» **ABOUT THIS TASK**
The word "Parc" marks the lines to find; copy every such line from the data below.

##### EXTRACTED INFORMATION

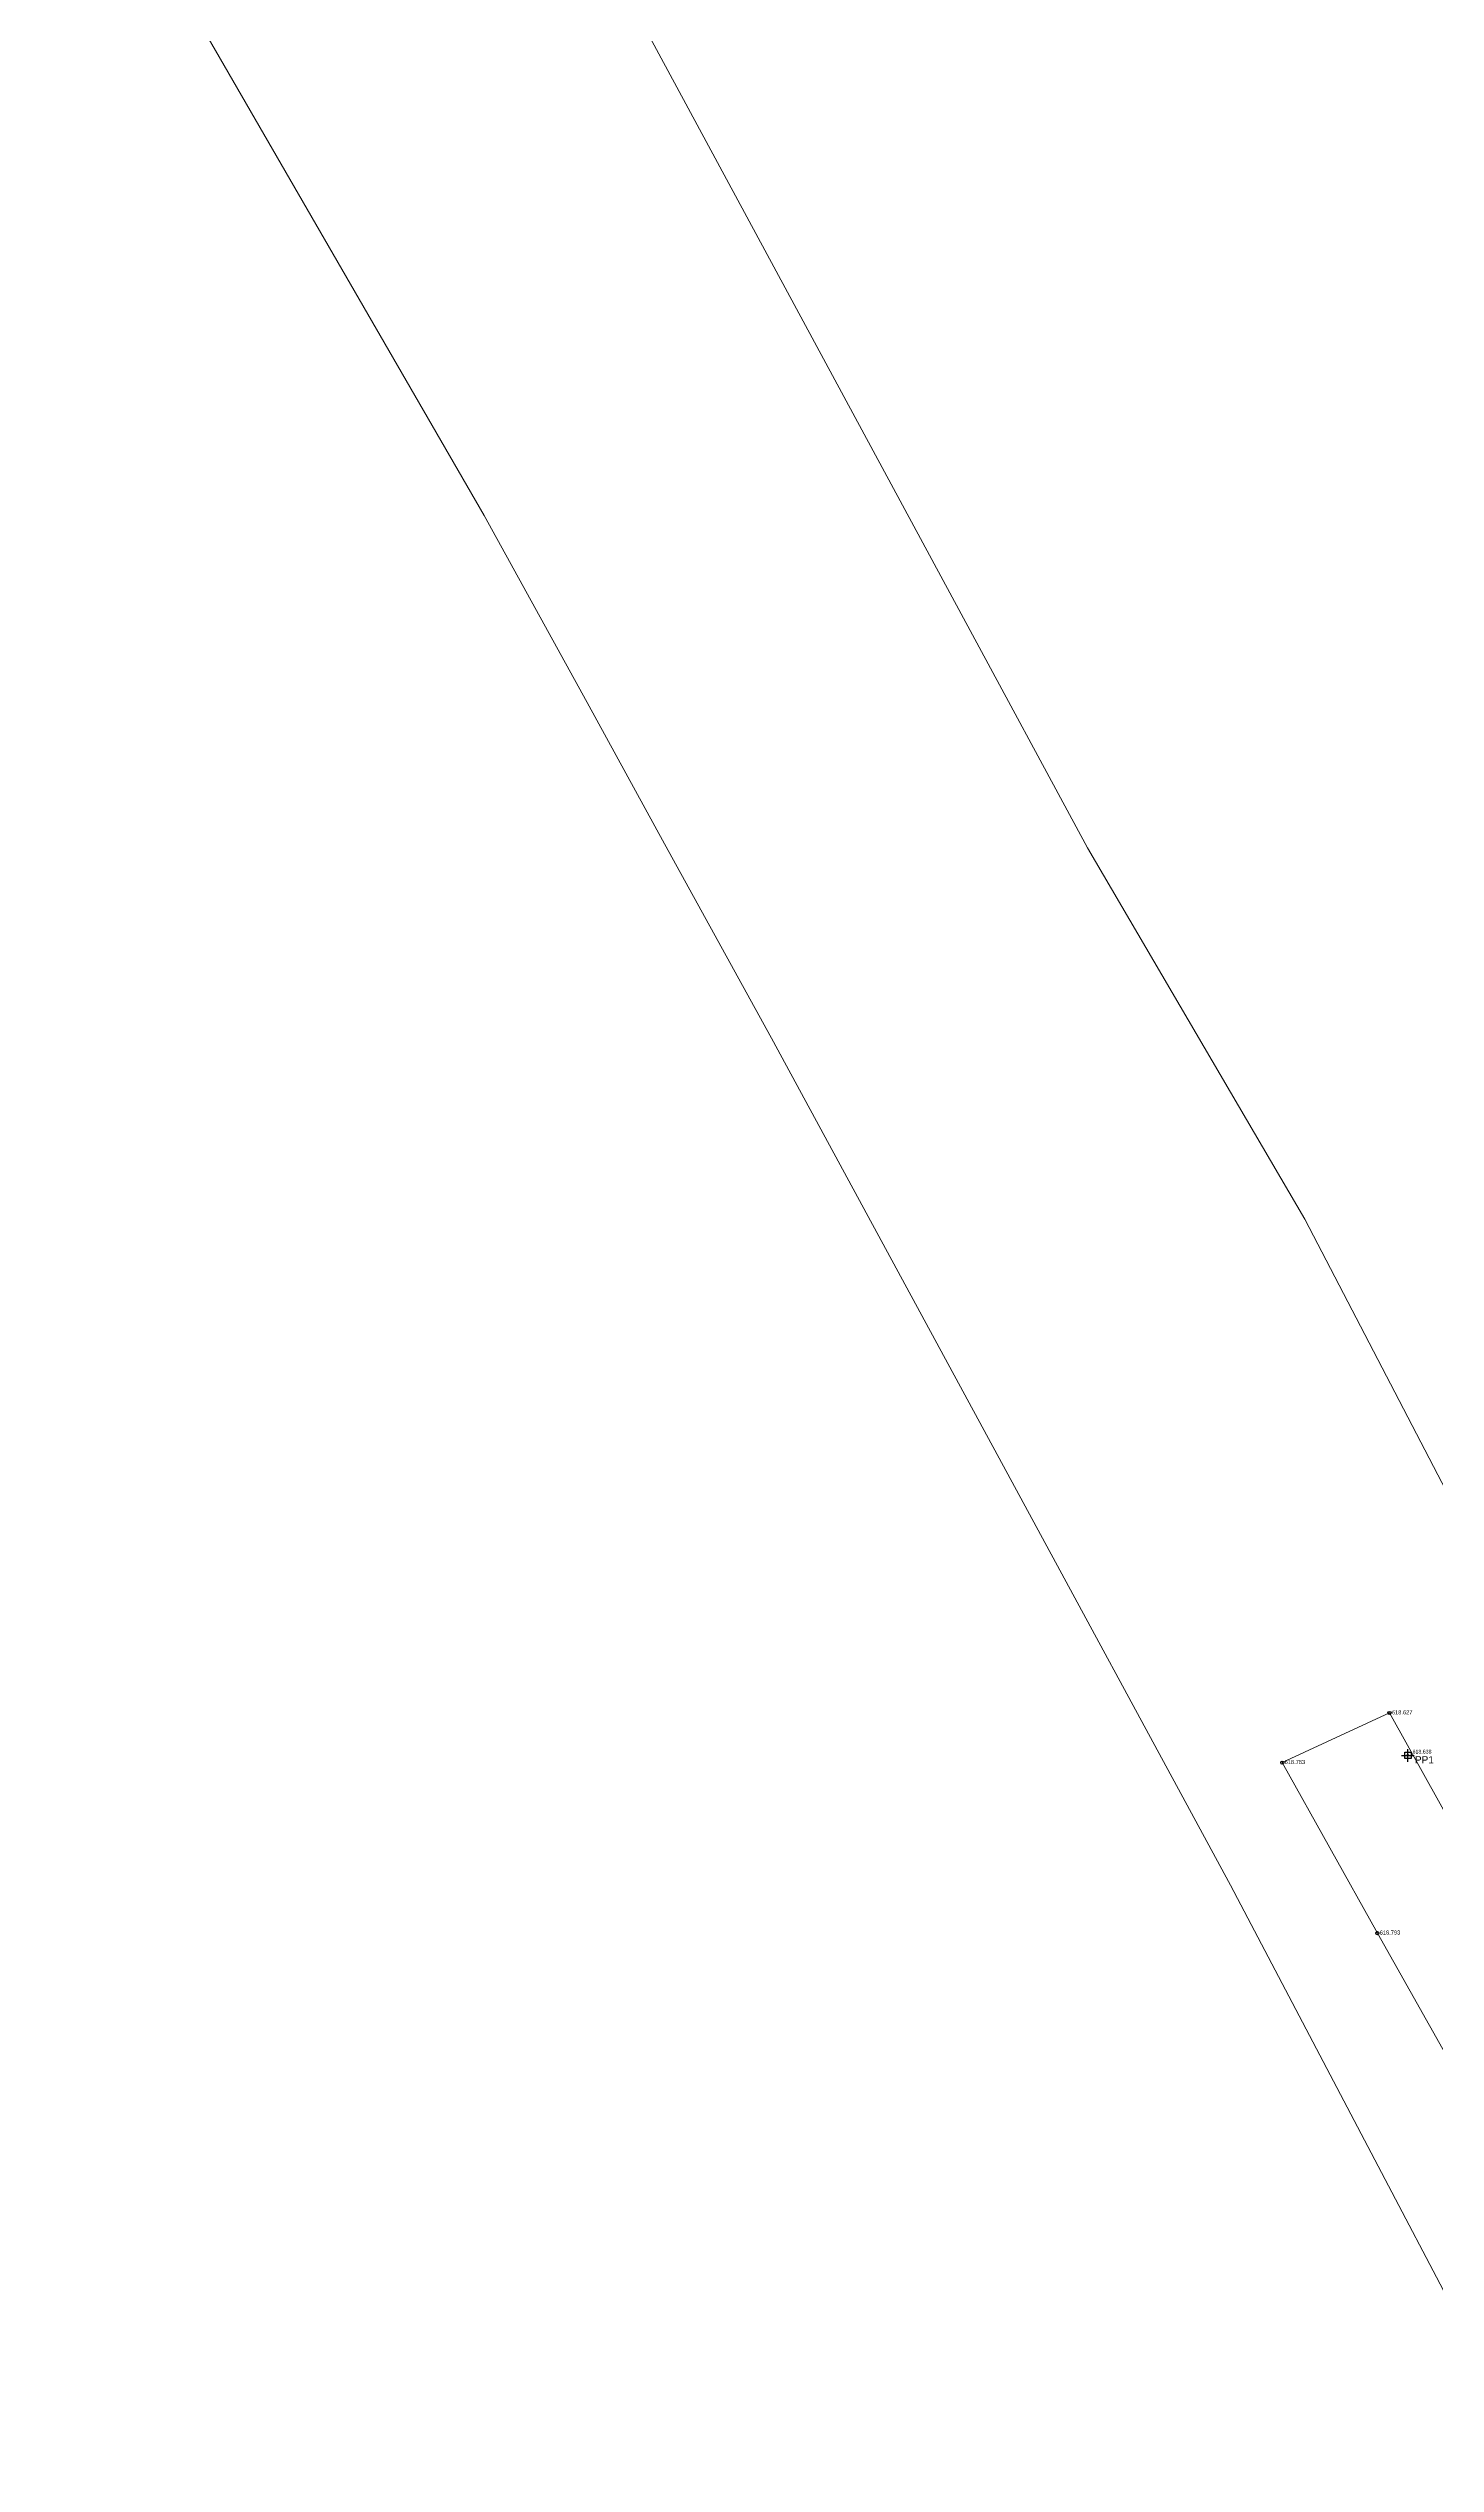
# Model space of a CAD drawing. Header units: metres. Extents: x 7513791 to 7515084, y 4691573 to 4693683.
# Drawn here: x 7513881.5 to 7513970.1, y 4693307.5 to 4693461.7 of the extents above; entities that cross this region are included whole.
import ezdxf

# ---------------------------------------------------------------- set-up
doc = ezdxf.new("R2010")
doc.units = ezdxf.units.M
for name, color, linetype, lineweight in [('asfalt', 97, 'Continuous', 0), ('asfalt pikat', 97, 'Continuous', 0), ('Matjet', 210, 'Continuous', 0), ('matjet oborri', 204, 'Continuous', 0), ('Parc-Baz', 7, 'Continuous', 0), ('rrjet', 7, 'Continuous', 0)]:
    doc.layers.add(name, color=color, linetype=linetype, lineweight=lineweight)
doc.styles.get("Standard").update_dxf_attribs({"font": 'arial.ttf'})

# ---------------------------------------------------------------- blocks, each defined once
blk = doc.blocks.new('*U6')
at = {"color": 0, "linetype": 'ByBlock', "lineweight": -2}
blk.add_line((0, 0), (0, 0), dxfattribs=at)
blk.add_circle((0, 0), 0.5, dxfattribs=at)
blk = doc.blocks.new('*U109', base_point=(7513967.118, 4693355.405, 618.627))
at = {"layer": 'asfalt pikat', "linetype": 'ByBlock', "insert": (7513967.268, 4693355.445, 618.627), "char_height": 0.26, "attachment_point": 4}
blk.add_mtext('{\\C256;618.627}', dxfattribs=at)
blk = doc.blocks.new('*U110', base_point=(7513967.118, 4693355.405, 618.627))
at = {"layer": 'asfalt pikat', "linetype": 'ByBlock', "lineweight": -2}
blk.add_blockref('*U109', (7513967.118, 4693355.405, 618.627), dxfattribs=at)
blk = doc.blocks.new('*U111', base_point=(7513968.292, 4693352.695, 618.638))
at = {"layer": 'matjet oborri', "linetype": 'ByBlock', "insert": (7513968.592, 4693352.935, 618.638), "char_height": 0.24, "attachment_point": 4}
blk.add_mtext('618.638', dxfattribs=at)
blk = doc.blocks.new('*U112', base_point=(7513968.292, 4693352.695, 618.638))
at = {"layer": 'Matjet', "linetype": 'ByBlock', "lineweight": -2}
blk.add_blockref('*U111', (7513968.292, 4693352.695, 618.638), dxfattribs=at)
blk = doc.blocks.new('*U113', base_point=(7513960.27, 4693352.242, 618.763))
at = {"layer": 'asfalt pikat', "linetype": 'ByBlock', "insert": (7513960.42, 4693352.282, 618.763), "char_height": 0.26, "attachment_point": 4}
blk.add_mtext('{\\C256;618.763}', dxfattribs=at)
blk = doc.blocks.new('*U114', base_point=(7513960.27, 4693352.242, 618.763))
at = {"layer": 'asfalt pikat', "linetype": 'ByBlock', "lineweight": -2}
blk.add_blockref('*U113', (7513960.27, 4693352.242, 618.763), dxfattribs=at)
blk = doc.blocks.new('*U115', base_point=(7513966.342, 4693341.352, 618.793))
at = {"layer": 'asfalt pikat', "linetype": 'ByBlock', "insert": (7513966.492, 4693341.392, 618.793), "char_height": 0.26, "attachment_point": 4}
blk.add_mtext('{\\C256;618.793}', dxfattribs=at)
blk = doc.blocks.new('*U116', base_point=(7513966.342, 4693341.352, 618.793))
at = {"layer": 'asfalt pikat', "linetype": 'ByBlock', "lineweight": -2}
blk.add_blockref('*U115', (7513966.342, 4693341.352, 618.793), dxfattribs=at)
blk = doc.blocks.new('*U193')
at = {"color": 0, "linetype": 'ByBlock', "lineweight": -2}
for p, q in [((-1, 0), (1, 0)), ((0, -1), (0, 1))]:
    blk.add_line(p, q, dxfattribs=at)
blk.add_lwpolyline([(-0.5, -0.5), (-0.5, 0.5), (0.5, 0.5), (0.5, -0.5)], close=True, dxfattribs=at)
blk = doc.blocks.new('*U196', base_point=(7513968.29, 4693352.7, 618.64))
at = {"layer": 'rrjet', "linetype": 'ByBlock', "insert": (7513968.74, 4693352.65, 618.64), "char_height": 0.46, "attachment_point": 1}
blk.add_mtext('{\\C137;PP1}', dxfattribs=at)
blk = doc.blocks.new('*U197', base_point=(7513968.292, 4693352.695, 618.638))
at = {"layer": 'rrjet', "color": 93, "linetype": 'ByBlock', "lineweight": -2}
blk.add_blockref('*U196', (7513968.292, 4693352.695, 618.638), dxfattribs=at)

msp = doc.modelspace()

# ---------------------------------------------------------------- linework, layer by layer
at = {"layer": 'asfalt'}
msp.add_polyline3d([(7513960.27, 4693352.24, 618.76), (7513966.34, 4693341.35, 618.79), (7513976.13, 4693324, 618.87), (7513985.99, 4693321.62, 618.75), (7513980.2, 4693331.91, 618.69), (7513975.79, 4693339.87, 618.66), (7513967.12, 4693355.41, 618.63)], close=True, dxfattribs=at)
at = {"layer": 'Parc-Baz'}
for points in [[(7514087.86, 4693113.54), (7514060.93, 4693158.92), (7514055.46, 4693168.43), (7514030.72, 4693211.59), (7514013.56, 4693241.71), (7513993.34, 4693277.14), (7513980.14, 4693300.35), (7513977.6, 4693305.17), (7513967.06, 4693325.22), (7513956.97, 4693344.41), (7513941.78, 4693372.42), (7513927.65, 4693398.49), (7513920.82, 4693410.91), (7513915.87, 4693419.92), (7513909.31, 4693431.86), (7513895.79, 4693455.26), (7513881.46, 4693480.07)], [(7513918.58, 4693464.82), (7513939.76, 4693425.59), (7513947.83, 4693410.65), (7513961.7, 4693386.93), (7513970.21, 4693370.62), (7513978.71, 4693354.31), (7513988.86, 4693335.39), (7513992.61, 4693328.4), (7514000.61, 4693313.98), (7514001.34, 4693312.12), (7514009.6, 4693296.71), (7514026.89, 4693266.1), (7514035.37, 4693251.19), (7514046.38, 4693231.9), (7514051.71, 4693222.6), (7514078.59, 4693175.81), (7514083.73, 4693166.53), (7514101.63, 4693135.88)]]:
    msp.add_lwpolyline(points, dxfattribs=at)

# ---------------------------------------------------------------- block references
at = {"layer": 'asfalt pikat', "linetype": 'ByBlock', "lineweight": -2, "xscale": 0.1999999960000001, "yscale": 0.1999999960000001, "zscale": 0.1999999960000001}
for p in [(7513967.12, 4693355.41, 618.63), (7513960.27, 4693352.24, 618.76), (7513966.34, 4693341.35, 618.79)]:
    msp.add_blockref('*U6', p, dxfattribs=at)
at = {"layer": 'asfalt pikat', "linetype": 'ByBlock', "lineweight": -2}
for name, p in [('*U110', (7513967.12, 4693355.41, 618.63)), ('*U114', (7513960.27, 4693352.24, 618.76)), ('*U116', (7513966.34, 4693341.35, 618.79))]:
    msp.add_blockref(name, p, dxfattribs=at)
at = {"layer": 'Matjet', "linetype": 'ByBlock', "lineweight": -2, "xscale": 0.0999999980000001, "yscale": 0.0999999980000001, "zscale": 0.0999999980000001}
msp.add_blockref('*U6', (7513968.29, 4693352.7, 618.64), dxfattribs=at)
at = {"layer": 'Matjet', "linetype": 'ByBlock', "lineweight": -2}
msp.add_blockref('*U112', (7513968.29, 4693352.7, 618.64), dxfattribs=at)
at = {"layer": 'rrjet', "color": 93, "linetype": 'ByBlock', "lineweight": -2, "xscale": 0.4, "yscale": 0.4, "zscale": 0.4}
msp.add_blockref('*U193', (7513968.29, 4693352.7, 618.64), dxfattribs=at)
at = {"layer": 'rrjet', "color": 93, "linetype": 'ByBlock', "lineweight": -2}
msp.add_blockref('*U197', (7513968.29, 4693352.7, 618.64), dxfattribs=at)

doc.saveas('drawing.dxf')

##########

» **EXERCISE OUTPUT**
for name, color, linetype, lineweight in [('asfalt', 97, 'Continuous', 0), ('asfalt pikat', 97, 'Continuous', 0), ('Matjet', 210, 'Continuous', 0), ('matjet oborri', 204, 'Continuous', 0), ('Parc-Baz', 7, 'Continuous', 0), ('rrjet', 7, 'Continuous', 0)]:
at = {"layer": 'Parc-Baz'}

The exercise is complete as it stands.